Top of Records for the task

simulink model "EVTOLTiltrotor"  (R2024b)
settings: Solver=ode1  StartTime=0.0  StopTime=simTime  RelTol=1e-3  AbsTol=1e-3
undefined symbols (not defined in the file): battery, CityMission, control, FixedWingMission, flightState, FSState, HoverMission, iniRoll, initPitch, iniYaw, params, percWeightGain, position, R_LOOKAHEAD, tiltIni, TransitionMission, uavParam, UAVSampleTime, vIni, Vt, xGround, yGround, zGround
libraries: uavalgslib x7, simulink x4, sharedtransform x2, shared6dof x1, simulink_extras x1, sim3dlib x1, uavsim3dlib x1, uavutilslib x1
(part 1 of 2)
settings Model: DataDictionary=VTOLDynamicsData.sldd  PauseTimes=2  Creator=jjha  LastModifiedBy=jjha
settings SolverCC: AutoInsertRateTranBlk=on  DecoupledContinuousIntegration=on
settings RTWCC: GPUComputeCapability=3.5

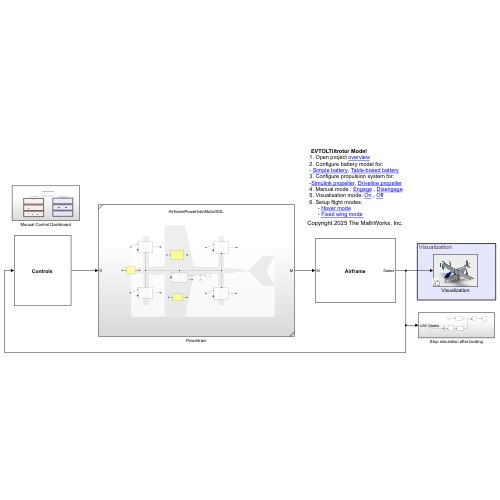
[thumbnail: Simulink's stored preview of the top-level diagram]
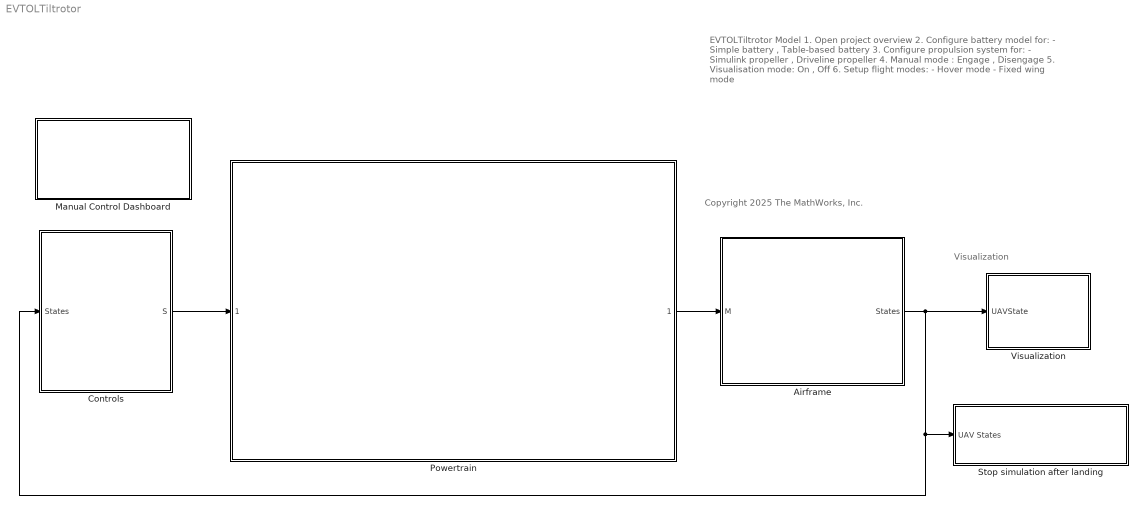
== system EVTOLTiltrotor ==
  note: Copyright 2025 The MathWorks, Inc.
  note: Visualization
  note: EVTOLTiltrotor Model
      | 1. Open project overview
      | 2. Configure battery model for:
      | - Simple battery , Table-based battery
      | 3. Configure propulsion system for:
      | - Simulink propeller , Driveline propeller
      | 4. Manual mode : Engage , Disengage
      | 5. Visualisation mode: On , Off
      | 6. Setup flight modes:
      | - Hover mode
      | - Fixed wing mode
  Airframe : Subsystem
      mask Display:
      | %disp(get_param(gcb, 'Name'))
      | disp(['{\bf\fontsize{12}' get_param(gcb, 'Name') '}'], 'texmode','on');
  Controls : Subsystem
      mask Display:
      | %disp(get_param(gcb, 'Name'))
      | disp(['{\bf\fontsize{12}' get_param(gcb, 'Name') '}'], 'texmode','on');
  Manual Control Dashboard : Subsystem
  Powertrain : Subsystem  ReferencedSubsystem=AirframePowertrainMotorSDL
  Stop simulation after landing : Subsystem
  Visualization : Subsystem  Variant=on  VariantControl=Visualization
      mask Display: image('TiltrotorVisualization.PNG'); % Use "Edit Image" on toolstrip to change.
  wires:
  Controls/1(S) -> Powertrain/1
  Airframe/1(States) -> Controls/1(States), Stop simulation after landing/1(UAV States), Visualization/1(UAVState)
  Powertrain/1 -> Airframe/1(M)

== system EVTOLTiltrotor/Airframe ==
  M : Inport
  6DOF (Euler Angles) : shared6dof/6DOF (Euler Angles)  units=Metric (MKS)  mtype=Fixed  rep=Euler Angles  xme_0=[xGround, yGround, zGround]  Vm_0=[vIni 0 0]  eul_0=[iniRoll initPitch iniYaw]  pm_0=[0 0 0]  mass_0=6.031*percWeightGain  mass_e=0.5  mass_f=2.0  inertia=[uavParam.geom.Ixx 0 0; 0 uavParam.geom.Iyy 0; 0 0 uavParam.geom.Izz]*percWeightGain  inertia_e=eye(3)  inertia_f=2*eye(3)  k_quat=1.0  vre_flag=on  abi_flag=on  aMode=0  xme_statename=''  Vm_statename=''  eul_statename=''  quat_statename=''  pm_statename=''  mass_statename=''
  Energy : Subsystem
      mask Display:
      | %disp(get_param(gcb, 'Name'))
      | disp(['{\bf\fontsize{12}' get_param(gcb, 'Name') '}'], 'texmode','on');
  Ground Truth Bus : Subsystem
  Input : Subsystem
  Scope : Scope  NumInputPorts=2
  Terminator : Terminator
  States : Outport
  wires:
  Input/4(AirData) -> Ground Truth Bus/10(AirData)
  Input/3(RotorPar) -> Ground Truth Bus/9(RotorParams)
  Ground Truth Bus/1(Ground Truth) -> States/1  "States"
  Input/2(M) -> Scope/2, 6DOF (Euler Angles)/2  "Moment"
  Input/1(F) -> Scope/1, 6DOF (Euler Angles)/1  "Thrust"
  6DOF (Euler Angles)/9 -> Ground Truth Bus/8(Abe)
  6DOF (Euler Angles)/7 -> Terminator/1
  6DOF (Euler Angles)/8 -> Ground Truth Bus/7(Abb)  "Abb"
  6DOF (Euler Angles)/5 -> Ground Truth Bus/5(Vb)  "Vb"
  6DOF (Euler Angles)/1 -> Ground Truth Bus/1(Ve)  "Ve"
  6DOF (Euler Angles)/2 -> Ground Truth Bus/2(Xe)  "Xe"
  6DOF (Euler Angles)/4 -> Ground Truth Bus/4(DCMbe)  "DCMbe"
  6DOF (Euler Angles)/3 -> Ground Truth Bus/3(Euler)  "Euler"
  6DOF (Euler Angles)/6 -> Ground Truth Bus/6(pqr)  "pqr"
  M/1 -> Energy/1(s), Input/1(m)

== system EVTOLTiltrotor/Controls ==
  States : Inport
  Bus Creator : BusCreator  Inputs=2
  Constant1 : Constant
  Flight Control : Subsystem  ReferencedSubsystem=FlightControl
      settings: PortSchema="{\"entries\":[{\"content\":{\"sides\":[{\"content\":{\"connectorIds\":[\"In1\",\"In3\",\"In2\"]},\"type\":\"ConnectorPlacement.EquallySpacedRectSide\",\"uuid\":\"16133643-a271-41ca-af0b-35692e75911e\"},{\"content\":{\"connectorIds\":[\"Out1\",\"Out3\",\"Out2\"],\"side\":\"RIGHT\"},\"type\":\"ConnectorPlacement.EquallySpacedRectSide\",\"uuid\":\"71f512ce-dc43-4a94-9ca9-7a68bb7e8691\"},{\"content\":{\"side\":\"TOP\"},\"type\":\"ConnectorPlacement.EquallySpacedRectSide\",\"uuid\":\"92fc6d85-868c-4302-9641-f62c34b61a8f\"}]},\"type\":\"ConnectorPlacement.EquallySpacedConnector\",\"uuid\":\"8e64feec-9c48-46d7-b9b5-e6a25dfded6a\"}],\"packageUris\":[\"http://schema.mathworks.com/mf0/Connector/R2020b\"],\"version\":\"1.0\"}"
  Guidance Test Bench : Subsystem
  Output : Subsystem
  Sensor : Subsystem
  noQGC : Subsystem  TreatAsAtomicUnit=on  SystemSampleTime=UAVSampleTime*4  VariantControl=useQGC==0
  S : Outport
  wires:
  Output/1(S) -> S/1
  Bus Creator/1 -> Output/1(Act)
  Flight Control/3 -> Bus Creator/2  "Tq"
  Flight Control/1 -> Bus Creator/1  "Actuator"
  noQGC/1(Mission) -> Guidance Test Bench/1(Global Mission)
  Guidance Test Bench/1(Cmd) -> Flight Control/1
  States/1 -> Output/3(States), Sensor/1("  "), Guidance Test Bench/2(Aircraft States)
  Flight Control/2 -> Output/2(Ctrl)  "CtrlSurfaces"
  Sensor/1(" ") -> Flight Control/2
  Constant1/1 -> Flight Control/3

== system EVTOLTiltrotor/Manual Control Dashboard ==
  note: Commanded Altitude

Bottom of Records for the task

▶ Task instructions: Copy every record exactly, leaving the pictures out.

▶ Solution:
simulink model "EVTOLTiltrotor"  (R2024b)
settings: Solver=ode1  StartTime=0.0  StopTime=simTime  RelTol=1e-3  AbsTol=1e-3
undefined symbols (not defined in the file): battery, CityMission, control, FixedWingMission, flightState, FSState, HoverMission, iniRoll, initPitch, iniYaw, params, percWeightGain, position, R_LOOKAHEAD, tiltIni, TransitionMission, uavParam, UAVSampleTime, vIni, Vt, xGround, yGround, zGround
libraries: uavalgslib x7, simulink x4, sharedtransform x2, shared6dof x1, simulink_extras x1, sim3dlib x1, uavsim3dlib x1, uavutilslib x1
(part 1 of 2)
settings Model: DataDictionary=VTOLDynamicsData.sldd  PauseTimes=2  Creator=jjha  LastModifiedBy=jjha
settings SolverCC: AutoInsertRateTranBlk=on  DecoupledContinuousIntegration=on
settings RTWCC: GPUComputeCapability=3.5

[thumbnail: Simulink's stored preview of the top-level diagram]
== system EVTOLTiltrotor ==
  note: Copyright 2025 The MathWorks, Inc.
  note: Visualization
  note: EVTOLTiltrotor Model
      | 1. Open project overview
      | 2. Configure battery model for:
      | - Simple battery , Table-based battery
      | 3. Configure propulsion system for:
      | - Simulink propeller , Driveline propeller
      | 4. Manual mode : Engage , Disengage
      | 5. Visualisation mode: On , Off
      | 6. Setup flight modes:
      | - Hover mode
      | - Fixed wing mode
  Airframe : Subsystem
      mask Display:
      | %disp(get_param(gcb, 'Name'))
      | disp(['{\bf\fontsize{12}' get_param(gcb, 'Name') '}'], 'texmode','on');
  Controls : Subsystem
      mask Display:
      | %disp(get_param(gcb, 'Name'))
      | disp(['{\bf\fontsize{12}' get_param(gcb, 'Name') '}'], 'texmode','on');
  Manual Control Dashboard : Subsystem
  Powertrain : Subsystem  ReferencedSubsystem=AirframePowertrainMotorSDL
  Stop simulation after landing : Subsystem
  Visualization : Subsystem  Variant=on  VariantControl=Visualization
      mask Display: image('TiltrotorVisualization.PNG'); % Use "Edit Image" on toolstrip to change.
  wires:
  Controls/1(S) -> Powertrain/1
  Airframe/1(States) -> Controls/1(States), Stop simulation after landing/1(UAV States), Visualization/1(UAVState)
  Powertrain/1 -> Airframe/1(M)

== system EVTOLTiltrotor/Airframe ==
  M : Inport
  6DOF (Euler Angles) : shared6dof/6DOF (Euler Angles)  units=Metric (MKS)  mtype=Fixed  rep=Euler Angles  xme_0=[xGround, yGround, zGround]  Vm_0=[vIni 0 0]  eul_0=[iniRoll initPitch iniYaw]  pm_0=[0 0 0]  mass_0=6.031*percWeightGain  mass_e=0.5  mass_f=2.0  inertia=[uavParam.geom.Ixx 0 0; 0 uavParam.geom.Iyy 0; 0 0 uavParam.geom.Izz]*percWeightGain  inertia_e=eye(3)  inertia_f=2*eye(3)  k_quat=1.0  vre_flag=on  abi_flag=on  aMode=0  xme_statename=''  Vm_statename=''  eul_statename=''  quat_statename=''  pm_statename=''  mass_statename=''
  Energy : Subsystem
      mask Display:
      | %disp(get_param(gcb, 'Name'))
      | disp(['{\bf\fontsize{12}' get_param(gcb, 'Name') '}'], 'texmode','on');
  Ground Truth Bus : Subsystem
  Input : Subsystem
  Scope : Scope  NumInputPorts=2
  Terminator : Terminator
  States : Outport
  wires:
  Input/4(AirData) -> Ground Truth Bus/10(AirData)
  Input/3(RotorPar) -> Ground Truth Bus/9(RotorParams)
  Ground Truth Bus/1(Ground Truth) -> States/1  "States"
  Input/2(M) -> Scope/2, 6DOF (Euler Angles)/2  "Moment"
  Input/1(F) -> Scope/1, 6DOF (Euler Angles)/1  "Thrust"
  6DOF (Euler Angles)/9 -> Ground Truth Bus/8(Abe)
  6DOF (Euler Angles)/7 -> Terminator/1
  6DOF (Euler Angles)/8 -> Ground Truth Bus/7(Abb)  "Abb"
  6DOF (Euler Angles)/5 -> Ground Truth Bus/5(Vb)  "Vb"
  6DOF (Euler Angles)/1 -> Ground Truth Bus/1(Ve)  "Ve"
  6DOF (Euler Angles)/2 -> Ground Truth Bus/2(Xe)  "Xe"
  6DOF (Euler Angles)/4 -> Ground Truth Bus/4(DCMbe)  "DCMbe"
  6DOF (Euler Angles)/3 -> Ground Truth Bus/3(Euler)  "Euler"
  6DOF (Euler Angles)/6 -> Ground Truth Bus/6(pqr)  "pqr"
  M/1 -> Energy/1(s), Input/1(m)

== system EVTOLTiltrotor/Controls ==
  States : Inport
  Bus Creator : BusCreator  Inputs=2
  Constant1 : Constant
  Flight Control : Subsystem  ReferencedSubsystem=FlightControl
      settings: PortSchema="{\"entries\":[{\"content\":{\"sides\":[{\"content\":{\"connectorIds\":[\"In1\",\"In3\",\"In2\"]},\"type\":\"ConnectorPlacement.EquallySpacedRectSide\",\"uuid\":\"16133643-a271-41ca-af0b-35692e75911e\"},{\"content\":{\"connectorIds\":[\"Out1\",\"Out3\",\"Out2\"],\"side\":\"RIGHT\"},\"type\":\"ConnectorPlacement.EquallySpacedRectSide\",\"uuid\":\"71f512ce-dc43-4a94-9ca9-7a68bb7e8691\"},{\"content\":{\"side\":\"TOP\"},\"type\":\"ConnectorPlacement.EquallySpacedRectSide\",\"uuid\":\"92fc6d85-868c-4302-9641-f62c34b61a8f\"}]},\"type\":\"ConnectorPlacement.EquallySpacedConnector\",\"uuid\":\"8e64feec-9c48-46d7-b9b5-e6a25dfded6a\"}],\"packageUris\":[\"http://schema.mathworks.com/mf0/Connector/R2020b\"],\"version\":\"1.0\"}"
  Guidance Test Bench : Subsystem
  Output : Subsystem
  Sensor : Subsystem
  noQGC : Subsystem  TreatAsAtomicUnit=on  SystemSampleTime=UAVSampleTime*4  VariantControl=useQGC==0
  S : Outport
  wires:
  Output/1(S) -> S/1
  Bus Creator/1 -> Output/1(Act)
  Flight Control/3 -> Bus Creator/2  "Tq"
  Flight Control/1 -> Bus Creator/1  "Actuator"
  noQGC/1(Mission) -> Guidance Test Bench/1(Global Mission)
  Guidance Test Bench/1(Cmd) -> Flight Control/1
  States/1 -> Output/3(States), Sensor/1("  "), Guidance Test Bench/2(Aircraft States)
  Flight Control/2 -> Output/2(Ctrl)  "CtrlSurfaces"
  Sensor/1(" ") -> Flight Control/2
  Constant1/1 -> Flight Control/3

== system EVTOLTiltrotor/Manual Control Dashboard ==
  note: Commanded Altitude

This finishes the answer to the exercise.